*** Opening Source data ***

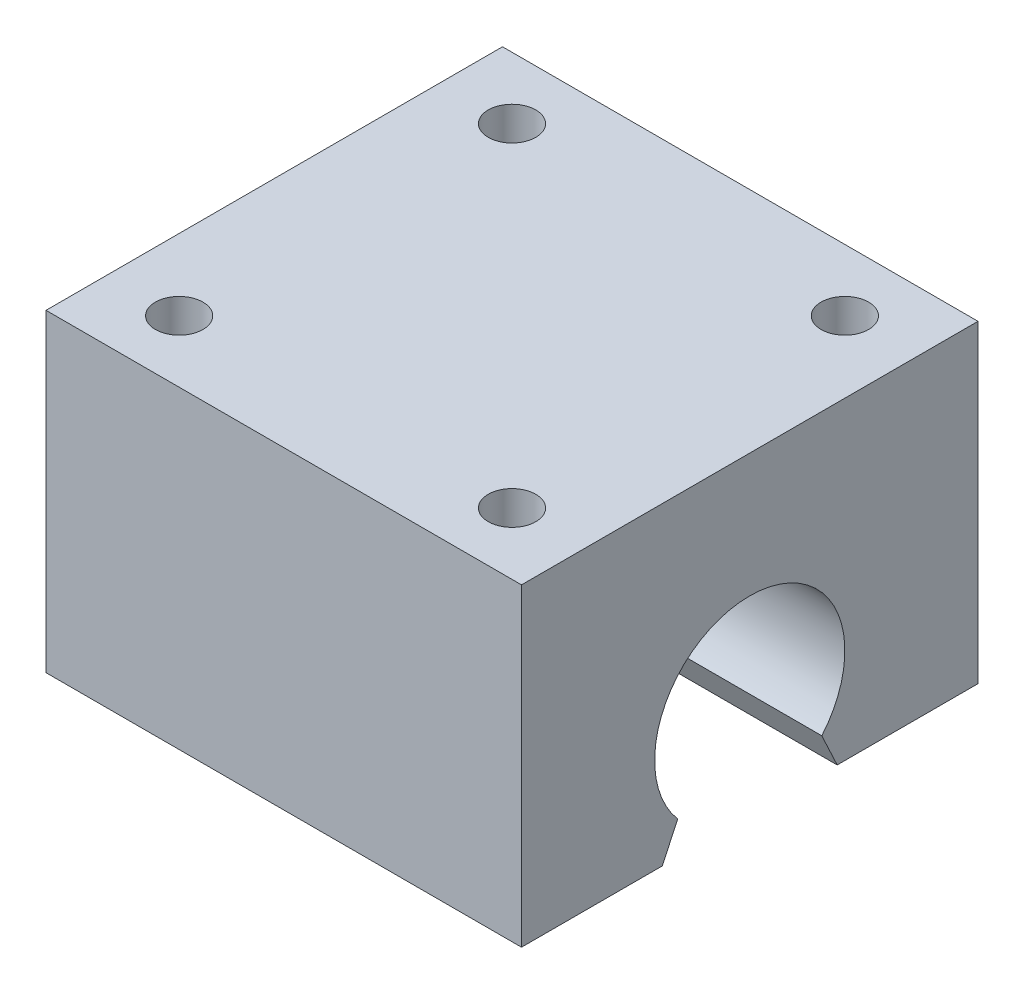
from build123d import *

# Parameters (mm, degrees)
BOSS_EXTRUDE1_DEPTH = 50
SKETCH2_R           = 2.5
CUT_EXTRUDE1_DEPTH  = 5


with BuildPart() as part:
    # Sketch1 → Boss-Extrude1 (new body)
    with BuildSketch(Plane(origin=(0, 0, 0), x_dir=(0, 0, -1), z_dir=(1, 0, 0))):
        with BuildLine():
            Line((24, -16.5), (9.19407636, -16.5))
            Line((9.19407636, -16.5), (7.575142847, -13.028185878))
            ThreePointArc((7.575142847, -13.028185878), (0, 3.5), (-7.575142847, -13.028185878))
            Line((-7.575142847, -13.028185878), (-9.19407636, -16.5))
            Line((-9.19407636, -16.5), (-24, -16.5))
            Line((-24, -16.5), (-24, 16.5))
            Line((-24, 16.5), (24, 16.5))
            Line((24, 16.5), (24, -16.5))
        make_face()
    extrude(amount=BOSS_EXTRUDE1_DEPTH)

    # Sketch2 → Cut-Extrude1 (cut)
    with BuildSketch(Plane(origin=(0, 16.5, 0), x_dir=(1, 0, 0), z_dir=(0, 1, 0))):
        with Locations((7.5, 17.5)):
            Circle(SKETCH2_R)
        with Locations((42.5, 17.5)):
            Circle(SKETCH2_R)
        with Locations((42.5, -17.5)):
            Circle(SKETCH2_R)
        with Locations((7.5, -17.5)):
            Circle(SKETCH2_R)
    extrude(amount=-CUT_EXTRUDE1_DEPTH, mode=Mode.SUBTRACT)


solid = part.part

*** Closing Source data ***

• [Instructions to follow]
Omit the pictures and reproduce the remaining material above exactly.

• [Solution]
from build123d import *

# Parameters (mm, degrees)
BOSS_EXTRUDE1_DEPTH = 50
SKETCH2_R           = 2.5
CUT_EXTRUDE1_DEPTH  = 5


with BuildPart() as part:
    # Sketch1 → Boss-Extrude1 (new body)
    with BuildSketch(Plane(origin=(0, 0, 0), x_dir=(0, 0, -1), z_dir=(1, 0, 0))):
        with BuildLine():
            Line((24, -16.5), (9.19407636, -16.5))
            Line((9.19407636, -16.5), (7.575142847, -13.028185878))
            ThreePointArc((7.575142847, -13.028185878), (0, 3.5), (-7.575142847, -13.028185878))
            Line((-7.575142847, -13.028185878), (-9.19407636, -16.5))
            Line((-9.19407636, -16.5), (-24, -16.5))
            Line((-24, -16.5), (-24, 16.5))
            Line((-24, 16.5), (24, 16.5))
            Line((24, 16.5), (24, -16.5))
        make_face()
    extrude(amount=BOSS_EXTRUDE1_DEPTH)

    # Sketch2 → Cut-Extrude1 (cut)
    with BuildSketch(Plane(origin=(0, 16.5, 0), x_dir=(1, 0, 0), z_dir=(0, 1, 0))):
        with Locations((7.5, 17.5)):
            Circle(SKETCH2_R)
        with Locations((42.5, 17.5)):
            Circle(SKETCH2_R)
        with Locations((42.5, -17.5)):
            Circle(SKETCH2_R)
        with Locations((7.5, -17.5)):
            Circle(SKETCH2_R)
    extrude(amount=-CUT_EXTRUDE1_DEPTH, mode=Mode.SUBTRACT)


solid = part.part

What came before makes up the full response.